Documentary reveals London bomber's westernised youth

Ian Herbert
Friday 18 November 2005 01:00 GMT

The suspected ringleader of the 7 July bombings spent years trying to shake off his Pakistani-Muslim identity, and tried to present himself as westernised, according to a BBC documentary.

Mohammad Sidique Khan, known as Sid, dreamed of going to America, displayed minimal interest in Islam and was "very English", according to friends interviewed for the programme.

Khan was ostracised by his family after marrying a Hindu woman, Hasina. Friends also told the documentary-makers that Khan showed no interest in attending a mosque.

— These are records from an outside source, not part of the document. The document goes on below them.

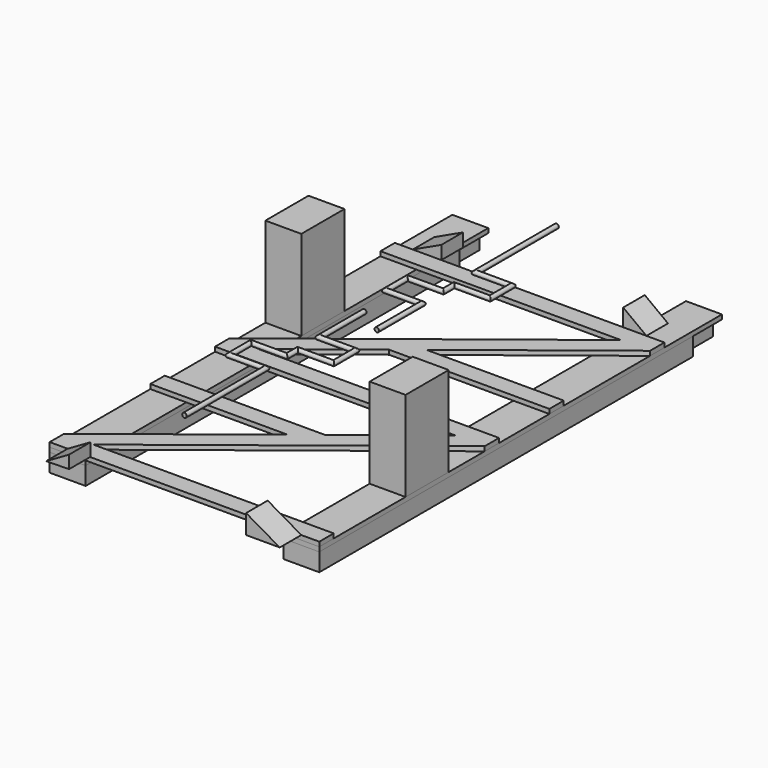
from build123d import *

# Parameters (mm, degrees)
F2_START  = -25.4
F1_W      = 203.2
F1_H      = 304.8
F1_H_2    = 1524
F2_DEPTH  = 101.6
F1_H_3    = 609.6
F3_DEPTH  = 508
F4_DEPTH  = 508
F1_W_2    = 50.8
F1_H_4    = 203.2
F6_DEPTH  = 25.4
F7_W      = 558.8
F7_H      = 101.6
F7_W_2    = 203.2
F8_DEPTH  = 25.4
F11_R     = 12.7
F13_R     = 12.7
F15_DEPTH = 152.4
F16_DEPTH = 152.4


with BuildPart() as f2:
    # F1 (on Top) → F2 (new body)
    with BuildSketch(Plane.XY.offset(F2_START)):
        Polygon((-762, 1422.4), (-762, 1219.2), (-660.4, 1219.2), (-660.4, 1422.4), (-711.2, 1422.4), align=None)
        Polygon((-660.4, 1219.2), (-762, 1219.2), (-762, 609.6), (-558.8, 609.6), (-558.8, 1219.2), align=None)
        Polygon((-660.4, 1422.4), (-660.4, 1219.2), (-558.8, 1219.2), (-558.8, 1422.4), (-609.6, 1422.4), align=None)
        with Locations((-660.4, 457.2)):
            Rectangle(F1_W, F1_H)
        Polygon((-711.2, 1422.4), (-660.4, 1422.4), (-609.6, 1422.4), (-609.6, 1625.6), (-711.2, 1625.6), align=None)
        with Locations((-660.4, -457.2)):
            Rectangle(F1_W, F1_H_2)
        Polygon((-660.4, 1651), (-711.2, 1625.6), (-609.6, 1625.6), align=None)
    extrude(amount=-F2_DEPTH)


with BuildPart() as f2b:
    # F1 (on Top) → F2, piece 2 (new body)
    with BuildSketch(Plane.XY.offset(F2_START)):
        Polygon((660.4, 1219.2), (558.8, 1219.2), (558.8, -304.8), (762, -304.8), (762, 1219.2), align=None)
        Polygon((558.8, 1422.4), (558.8, 1219.2), (660.4, 1219.2), (660.4, 1422.4), (609.6, 1422.4), align=None)
        with Locations((660.4, -457.2)):
            Rectangle(F1_W, F1_H)
        Polygon((660.4, 1422.4), (660.4, 1219.2), (762, 1219.2), (762, 1422.4), (711.2, 1422.4), align=None)
        with Locations((660.4, -914.4)):
            Rectangle(F1_W, F1_H_3)
        Polygon((609.6, 1422.4), (660.4, 1422.4), (711.2, 1422.4), (711.2, 1625.6), (609.6, 1625.6), align=None)
    extrude(amount=-F2_DEPTH)


with BuildPart() as f3:
    # F1 (on Top) → F3 (new body)
    with BuildSketch(Plane.XY):
        with Locations((-660.4, 457.2)):
            Rectangle(F1_W, F1_H)
    extrude(amount=F3_DEPTH)


with BuildPart() as f4:
    # F1 (on Top) → F4 (new body)
    with BuildSketch(Plane.XY):
        with Locations((660.4, -457.2)):
            Rectangle(F1_W, F1_H)
    extrude(amount=F4_DEPTH)


with BuildPart() as f6:
    # F1 (on Top) → F6 (new body)
    with BuildSketch(Plane.XY):
        with Locations((-736.6, 1524)):
            Rectangle(F1_W_2, F1_H_4)
        Polygon((-711.2, 1422.4), (-660.4, 1422.4), (-609.6, 1422.4), (-609.6, 1625.6), (-711.2, 1625.6), align=None)
        with Locations((-584.2, 1524)):
            Rectangle(F1_W_2, F1_H_4)
        Polygon((-660.4, 1422.4), (-660.4, 1219.2), (-558.8, 1219.2), (-558.8, 1422.4), (-609.6, 1422.4), align=None)
        Polygon((-762, 1422.4), (-762, 1219.2), (-660.4, 1219.2), (-660.4, 1422.4), (-711.2, 1422.4), align=None)
        Polygon((-660.4, 1219.2), (-762, 1219.2), (-762, 609.6), (-558.8, 609.6), (-558.8, 1219.2), align=None)
        with Locations((-660.4, -457.2)):
            Rectangle(F1_W, F1_H_2)
        with Locations((-660.4, 457.2)):
            Rectangle(F1_W, F1_H)
    extrude(amount=-F6_DEPTH)


with BuildPart() as f6b:
    # F1 (on Top) → F6, piece 2 (new body)
    with BuildSketch(Plane.XY):
        Polygon((660.4, 1219.2), (558.8, 1219.2), (558.8, -304.8), (762, -304.8), (762, 1219.2), align=None)
        with Locations((660.4, -914.4)):
            Rectangle(F1_W, F1_H_3)
        with Locations((584.2, 1524)):
            Rectangle(F1_W_2, F1_H_4)
        Polygon((609.6, 1422.4), (660.4, 1422.4), (711.2, 1422.4), (711.2, 1625.6), (609.6, 1625.6), align=None)
        with Locations((736.6, 1524)):
            Rectangle(F1_W_2, F1_H_4)
        Polygon((660.4, 1422.4), (660.4, 1219.2), (762, 1219.2), (762, 1422.4), (711.2, 1422.4), align=None)
        Polygon((558.8, 1422.4), (558.8, 1219.2), (660.4, 1219.2), (660.4, 1422.4), (609.6, 1422.4), align=None)
        with Locations((660.4, -457.2)):
            Rectangle(F1_W, F1_H)
    extrude(amount=-F6_DEPTH)


with BuildPart() as f8:
    # F7 (on Top) → F8 (new body)
    with BuildSketch(Plane.XY):
        Polygon((0, 648.7744153468), (-558.8, 210.2598440925), (-558.8, 81.111013399), (-144.2835902197, 406.4), (-14.8145059026, 508), (0, 519.6255846532), align=None)
        Polygon((-558.8, 210.2598440925), (-762, 50.8), (-597.4253853296, 50.8), (-558.8, 81.111013399), align=None)
        Polygon((558.8, 1087.288986601), (0, 648.7744153468), (0, 519.6255846532), (558.8, 958.1401559075), align=None)
        Polygon((597.4253853296, 1117.6), (558.8, 1087.288986601), (558.8, 958.1401559075), (762, 1117.6), align=None)
        Polygon((762, 1219.2), (558.8, 1219.2), (558.8, 1117.6), (597.4253853296, 1117.6), (762, 1117.6), align=None)
        with Locations((279.4, 1168.4)):
            Rectangle(F7_W, F7_H)
        with Locations((-279.4, 1168.4)):
            Rectangle(F7_W, F7_H)
        with Locations((-660.4, 1168.4)):
            Rectangle(F7_W_2, F7_H)
        with Locations((-279.4, 0)):
            Rectangle(F7_W, F7_H)
        Polygon((-597.4253853296, 50.8), (-762, 50.8), (-762, -50.8), (-558.8, -50.8), (-558.8, 50.8), align=None)
        with Locations((279.4, 0)):
            Rectangle(F7_W, F7_H)
        Polygon((558.8, 50.8), (558.8, -50.8), (597.4253853296, -50.8), (762, -50.8), (762, 50.8), align=None)
        Polygon((558.8, -81.111013399), (144.2835902197, -406.4), (14.8145059026, -508), (0, -519.6255846533), (0, -648.7744153467), (558.8, -210.2598440925), align=None)
        Polygon((597.4253853296, -50.8), (558.8, -81.111013399), (558.8, -210.2598440925), (762, -50.8), align=None)
        Polygon((0, -519.6255846533), (-558.8, -958.1401559075), (-558.8, -1087.288986601), (0, -648.7744153467), align=None)
        Polygon((-558.8, -958.1401559075), (-762, -1117.6), (-597.4253853296, -1117.6), (-558.8, -1087.288986601), align=None)
        with Locations((-279.4, -1168.4)):
            Rectangle(F7_W, F7_H)
        Polygon((-597.4253853296, -1117.6), (-762, -1117.6), (-762, -1219.2), (-558.8, -1219.2), (-558.8, -1117.6), align=None)
        with Locations((279.4, -1168.4)):
            Rectangle(F7_W, F7_H)
        with Locations((660.4, -1168.4)):
            Rectangle(F7_W_2, F7_H)
        with Locations((-279.4, -457.2)):
            Rectangle(F7_W, F7_H)
        with Locations((-660.4, -457.2)):
            Rectangle(F7_W_2, F7_H)
        Polygon((144.2835902197, -406.4), (0, -406.4), (0, -508), (14.8145059026, -508), align=None)
        Polygon((-14.8145059026, 508), (-144.2835902197, 406.4), (0, 406.4), (0, 508), align=None)
        with Locations((660.4, 457.2)):
            Rectangle(F7_W_2, F7_H)
        with Locations((279.4, 457.2)):
            Rectangle(F7_W, F7_H)
    extrude(amount=F8_DEPTH)


with BuildPart() as f12:
    # F12: sweep along a path in F5
    with BuildLine(Plane.XY.offset(406.4)) as f12_path:
        Line((152.4, 1219.2), (152.4, 647.7))
        Line((152.4, 647.7), (355.6, 647.7))
        Line((355.6, 647.7), (355.6, 495.3))
        Line((355.6, 495.3), (152.4, 495.3))
        Line((152.4, 495.3), (152.4, 419.1))
        Line((152.4, 419.1), (-50.8, 419.1))
        Line((-50.8, 419.1), (-50.8, 266.7))
        Line((-50.8, 266.7), (152.4, 266.7))
        Line((152.4, 266.7), (152.4, -50.8))
    # F11 (on offset) → F12 (sweep)
    with BuildSketch(Plane(origin=(0, 1219.2, 0), x_dir=(-1, 0, 0), z_dir=(0, 1, 0))):
        with Locations((-152.4, 406.4)):
            Circle(F11_R)
    sweep(path=f12_path.line, transition=Transition.RIGHT)


with BuildPart() as f14:
    # F14: sweep along a path in F5
    with BuildLine(Plane.XY.offset(406.4)) as f14_path:
        Line((0, -1219.2), (0, -647.7))
        Line((0, -647.7), (-203.2, -647.7))
        Line((-203.2, -647.7), (-203.2, -495.3))
        Line((-203.2, -495.3), (0, -495.3))
        Line((0, -495.3), (0, -419.1))
        Line((0, -419.1), (203.2, -419.1))
        Line((203.2, -419.1), (203.2, -266.7))
        Line((203.2, -266.7), (0, -266.7))
        Line((0, -266.7), (0, 50.8))
    # F13 (on offset) → F14 (sweep)
    with BuildSketch(Plane.XZ.offset(1219.2)):
        with Locations((0, 406.4)):
            Circle(F13_R)
    sweep(path=f14_path.line, transition=Transition.RIGHT)


with BuildPart() as f15:
    # F13 (on offset) → F15 (new body)
    with BuildSketch(Plane.XZ.offset(1219.2)):
        Polygon((-530.3294147081, 27.9253141867), (-530.3294147081, 100.4407222838), (-660.4, 25.4), align=None)
    extrude(amount=F15_DEPTH)


with BuildPart() as f15b:
    # F13 (on offset) → F15, piece 2 (new body)
    with BuildSketch(Plane.XZ.offset(1219.2)):
        Polygon((660.4, 25.4), (470.2320303052, 135.1122902086), (470.2320303052, 25.4), align=None)
    extrude(amount=F15_DEPTH)


with BuildPart() as f16:
    # F11 (on offset) → F16 (new body)
    with BuildSketch(Plane(origin=(0, 1219.2, 0), x_dir=(-1, 0, 0), z_dir=(0, 1, 0))):
        Polygon((-529.2000174522, 123.7999869108), (-660.4, 25.4), (-529.2000174522, 25.4), align=None)
    extrude(amount=F16_DEPTH)


with BuildPart() as f16b:
    # F11 (on offset) → F16, piece 2 (new body)
    with BuildSketch(Plane(origin=(0, 1219.2, 0), x_dir=(-1, 0, 0), z_dir=(0, 1, 0))):
        Polygon((498.9599585533, 25.4), (660.4, 25.4), (498.9599585533, 101.0750194281), align=None)
    extrude(amount=F16_DEPTH)


solid = Compound([f2.part, f2b.part, f3.part, f4.part, f6.part, f6b.part, f8.part, f12.part, f14.part, f15.part, f15b.part, f16.part, f16b.part])
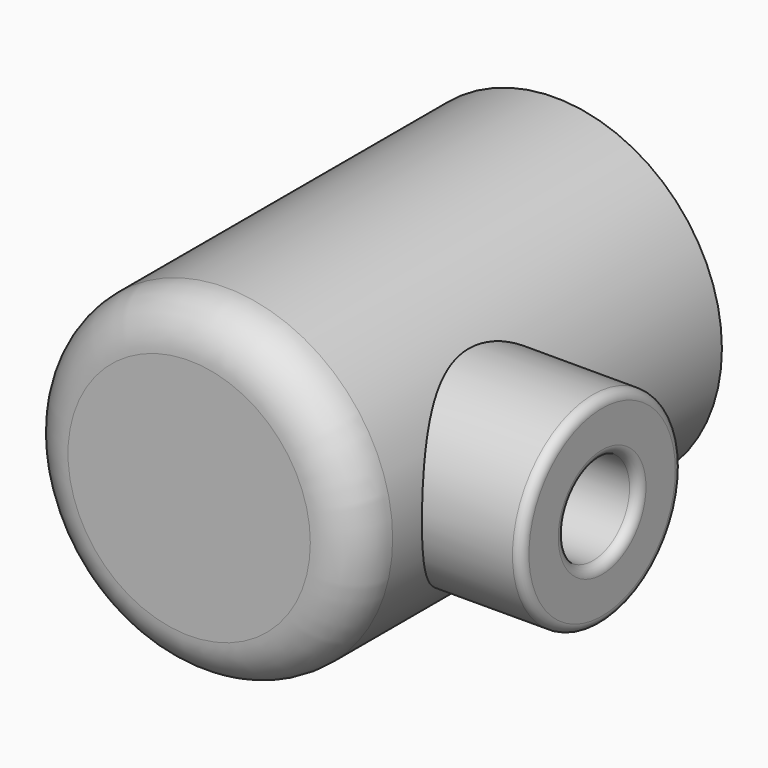
from build123d import *

# Parameters (mm, degrees)
F0_R           = 18.25
F0_R_2         = 15.25
F1_DEPTH       = 50
F2_R           = 18.25
F3_DEPTH       = 2
F4_R           = 5
F5_R           = 16.25
F6_DEPTH       = 10.5
F7_R           = 5
F8_DEPTH       = 18.251
F10_R          = 11
F10_R_2        = 5
F11_REACH      = 78.5136984722
F12_R          = 1
F14_DEPTH      = 8
F15_R          = 1.1
F16_ANGLE_BACK = 150
F16_ANGLE      = 300


with BuildPart() as f1:
    # F0 (on Front) → F1 (new body)
    with BuildSketch(Plane.XZ):
        Circle(F0_R)
        Circle(F0_R_2, mode=Mode.SUBTRACT)
    extrude(amount=F1_DEPTH)

    # F2 (on face) → F3 (join)
    with BuildSketch(Plane.XZ.offset(50)):
        Circle(F2_R)
    extrude(amount=-F3_DEPTH)

    # F4
    f4_edges = [f1.edges().sort_by_distance(p)[0] for p in [
        (-18.25, -50, 0),
    ]]
    fillet(f4_edges, radius=F4_R)

    # F5 (on face) → F6 (cut)
    with BuildSketch(Plane(origin=(0, 0, 0), x_dir=(-1, 0, 0), z_dir=(0, 1, 0))):
        Circle(F5_R)
    extrude(amount=-F6_DEPTH, mode=Mode.SUBTRACT)

    # F7 (on Right) → F8 (cut, through all)
    with BuildSketch(Plane.YZ):
        with Locations((-30, 0)):
            Circle(F7_R)
    extrude(amount=F8_DEPTH, mode=Mode.SUBTRACT)


with BuildPart() as f11:
    f11_end = f1.part.faces().sort_by_distance((-18.25, -22.5, 0))[0]
    # F10 (on offset) → F11 (new body, up to a face of F1 that its end follows)
    with BuildSketch(Plane.YZ.offset(29.15)):
        with Locations((-30, 0)):
            Circle(F10_R)
        with Locations((-30, 0)):
            Circle(F10_R_2, mode=Mode.SUBTRACT)
    f11_long = extrude(amount=-F11_REACH, mode=Mode.PRIVATE)
    add(split(f11_long, bisect_by=f11_end, keep=Keep.ALL, mode=Mode.PRIVATE).solids().sort_by_distance((29.15, -40.6888730163, 0))[0])

    # F12
    f12_edges = [f11.edges().sort_by_distance(p)[0] for p in [
        (29.15, -35, 0),
        (29.15, -41, 0),
    ]]
    fillet(f12_edges, radius=F12_R)


with BuildPart() as f1_1:
    add(f1.part)

    # F13 (on face) → F14 (join)
    with BuildSketch(Plane(origin=(0, -10.5, 0), x_dir=(-1, 0, 0), z_dir=(0, 1, 0))):
        with BuildLine():
            Line((13.6679369328, -1.5), (16.1806211253, -1.5))
            ThreePointArc((16.1806211253, -1.5), (16.25, 0), (16.1806211253, 1.5))
            Line((16.1806211253, 1.5), (13.6679369328, 1.5))
            ThreePointArc((13.6679369328, 1.5), (13.75, 0), (13.6679369328, -1.5))
        make_face()
    extrude(amount=F14_DEPTH)

    # F15 (on Top) → F16 (revolve)
    with BuildSketch(Plane.XY, mode=Mode.PRIVATE) as f16_sk:
        with Locations((16.25, -5.6)):
            Circle(F15_R)
    revolve(f16_sk.sketch.rotate(Axis((0, -13.1502728909, 0), (0, -1, 0)), -F16_ANGLE_BACK), axis=Axis((0, -13.1502728909, 0), (0, -1, 0)), revolution_arc=F16_ANGLE)


solid = Compound([f11.part, f1_1.part])
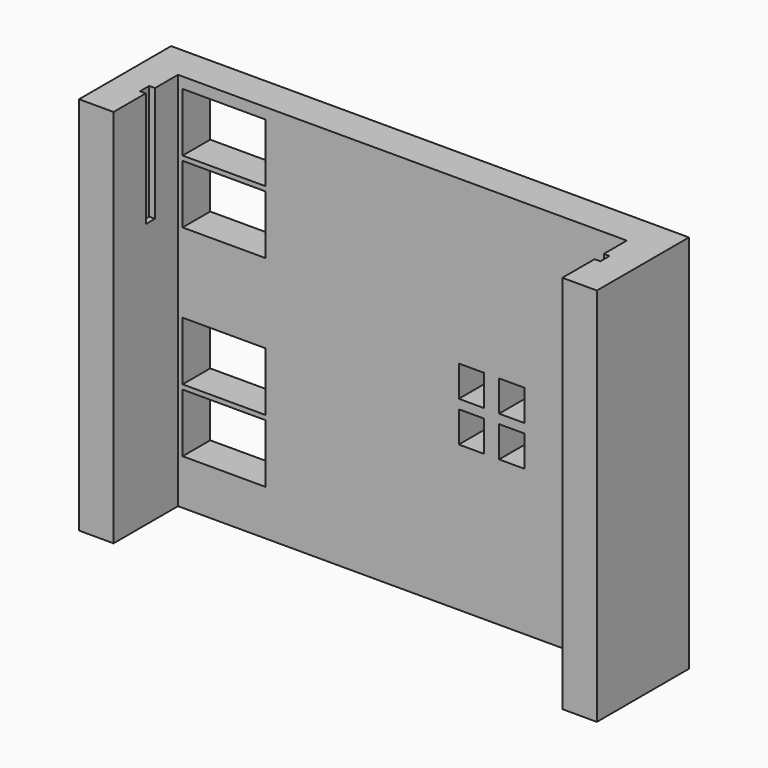
from build123d import *

# Parameters (mm, degrees)
F0_W          = 114.3
F0_H          = 83.82
F1_DEPTH      = 7.62
F2_W          = 7.62
F2_H          = 83.82
F3_DEPTH      = 17.78
F4_W          = 1.27
F4_H          = 2.54
F5_DEPTH      = 25.4
F6_W          = 18.288
F6_H          = 12.954
F7_DEPTH      = 25.4
F8_W          = 5.588
F8_H          = 6.858
F9_DEPTH      = 25.4
F10_TEXT_SIZE = 1.3926552059
F11_DEPTH     = 0.254
F12_TEXT_SIZE = 1.3296253885
F13_DEPTH     = 0.254
F14_TEXT_SIZE = 1.4177568463
F15_DEPTH     = 0.254
F16_TEXT_SIZE = 1.3516025825
F17_DEPTH     = 0.254
F18_R         = 1.27
F19_DEPTH     = 0.508


# Not quite as in the source:
# - Text() gives the source's letters only with a copy of the font that has no kerning and outlines rounded to 1/6400 em; it was checked with that copy


with BuildPart() as f1:
    # F0 (on Front) → F1 (new body)
    with BuildSketch(Plane.XZ):
        Rectangle(F0_W, F0_H)
    extrude(amount=F1_DEPTH)

    # F2 (on face) → F3 (join)
    with BuildSketch(Plane.XZ.offset(7.62)):
        with Locations((-53.34, 0)):
            Rectangle(F2_W, F2_H)
        with Locations((53.34, 0)):
            Rectangle(F2_W, F2_H)
    extrude(amount=F3_DEPTH)

    # F4 (on face) → F5 (cut)
    with BuildSketch(Plane.XY.offset(41.91)):
        with Locations((-50.165, -15.24)):
            Rectangle(F4_W, F4_H)
        with Locations((50.165, -15.24)):
            Rectangle(F4_W, F4_H)
    extrude(amount=-F5_DEPTH, mode=Mode.SUBTRACT)

    # F6 (on face) → F7 (cut)
    with BuildSketch(Plane.XZ.offset(7.62)):
        with Locations((-39.37, 33.02)):
            Rectangle(F6_W, F6_H)
        with Locations((-39.37, 19.05)):
            Rectangle(F6_W, F6_H)
        with Locations((-39.37, -11.43)):
            Rectangle(F6_W, F6_H)
        with Locations((-39.37, -25.4)):
            Rectangle(F6_W, F6_H)
    extrude(amount=-F7_DEPTH, mode=Mode.SUBTRACT)

    # F8 (on face) → F9 (cut)
    with BuildSketch(Plane(origin=(0, 0, 0), x_dir=(-1, 0, 0), z_dir=(0, 1, 0))):
        with Locations((-24.13, 2.54)):
            Rectangle(F8_W, F8_H)
        with Locations((-15.24, 2.54)):
            Rectangle(F8_W, F8_H)
        with Locations((-24.13, -6.35)):
            Rectangle(F8_W, F8_H)
        with Locations((-15.24, -6.35)):
            Rectangle(F8_W, F8_H)
    extrude(amount=-F9_DEPTH, mode=Mode.SUBTRACT)

    # F10 (on face) → F11 (join)
    with BuildSketch(Plane(origin=(0, 0, 0), x_dir=(-1, 0, 0), z_dir=(0, 1, 0))):
        with Locations((-17.0419326293, 6.2196567026)):
            Text('hours', F10_TEXT_SIZE, font='Open Sans', text_align=(TextAlign.LEFT, TextAlign.BOTTOM))
    extrude(amount=F11_DEPTH)

    # F12 (on face) → F13 (join)
    with BuildSketch(Plane(origin=(0, 0, 0), x_dir=(-1, 0, 0), z_dir=(0, 1, 0))):
        with Locations((-26.6051976002, 6.1851104686)):
            Text('minutes', F12_TEXT_SIZE, font='Open Sans', text_align=(TextAlign.LEFT, TextAlign.BOTTOM))
    extrude(amount=F13_DEPTH)

    # F14 (on face) → F15 (join)
    with BuildSketch(Plane(origin=(0, 0, 0), x_dir=(-1, 0, 0), z_dir=(0, 1, 0))):
        with Locations((-26.035, -11.0719978788)):
            Text('alarm', F14_TEXT_SIZE, font='Open Sans', text_align=(TextAlign.LEFT, TextAlign.BOTTOM))
    extrude(amount=F15_DEPTH)

    # F16 (on face) → F17 (join)
    with BuildSketch(Plane(origin=(0, 0, 0), x_dir=(-1, 0, 0), z_dir=(0, 1, 0))):
        with Locations((-16.8540035526, -11.0763115808)):
            Text('clock', F16_TEXT_SIZE, font='Open Sans', text_align=(TextAlign.LEFT, TextAlign.BOTTOM))
    extrude(amount=F17_DEPTH)

    # F18 (on face) → F19 (join)
    with BuildSketch(Plane(origin=(0, 0, 0), x_dir=(-1, 0, 0), z_dir=(0, 1, 0))):
        with Locations((42.418, 3.3993879333)):
            Circle(F18_R)
        with Locations((36.068, 3.4036)):
            Circle(F18_R)
    extrude(amount=F19_DEPTH)


solid = f1.part

Rob Cardiss, a school friend, told last night's radio documentary Biography of a Bomber that Khan "seemed to have more white friends than Asian friends [and] ... used to hang around with white lads playing football."

Mr Cardiss said: "He was very English. Some of the other Pakistani guys used to talk about Muslim suffering around the world but with Sidique you'd never really know what religion he was from."

Khan's one-time best friend talked about how Khan's marriage to Hasina affected him. "His family wanted nothing to do with him after that," he friend. "How can someone prepared to go through all that explode a bomb in the name of Islam?" he asked.

Khan's rapid radicalisation came in adulthood, when he became friendly with a group of radicals from Leeds and Huddersfield, west Yorkshire, the associates suggest. In the months before Khan detonated the Edgware Road bomb, killing himself and six others, the group often watched violent videos depicting Muslim suffering around the world and went on paintballing trips immediately afterwards.

A member of the group said: "Looking back on it now, I do find it a bit weird that we had such a viewing. I can see why some youth would be affected by this - they get fired up, they get stirred up - and having the airing of that video might not have been in the best interests of certain people."

Other Yorkshire Muslims say Khan's tight-knit group inveigled their way into the youth community by helping Muslims off alcohol and drug addiction. Germaine Lindsay, the King's Cross bomber, and Shahzad Tanweer, the Aldgate bomber, are also thought to have joined the group.

Khalid said Khan's last visit to Pakistan was to join up with jihadi fighters: "I heard it frequently that he was going overseas for military training."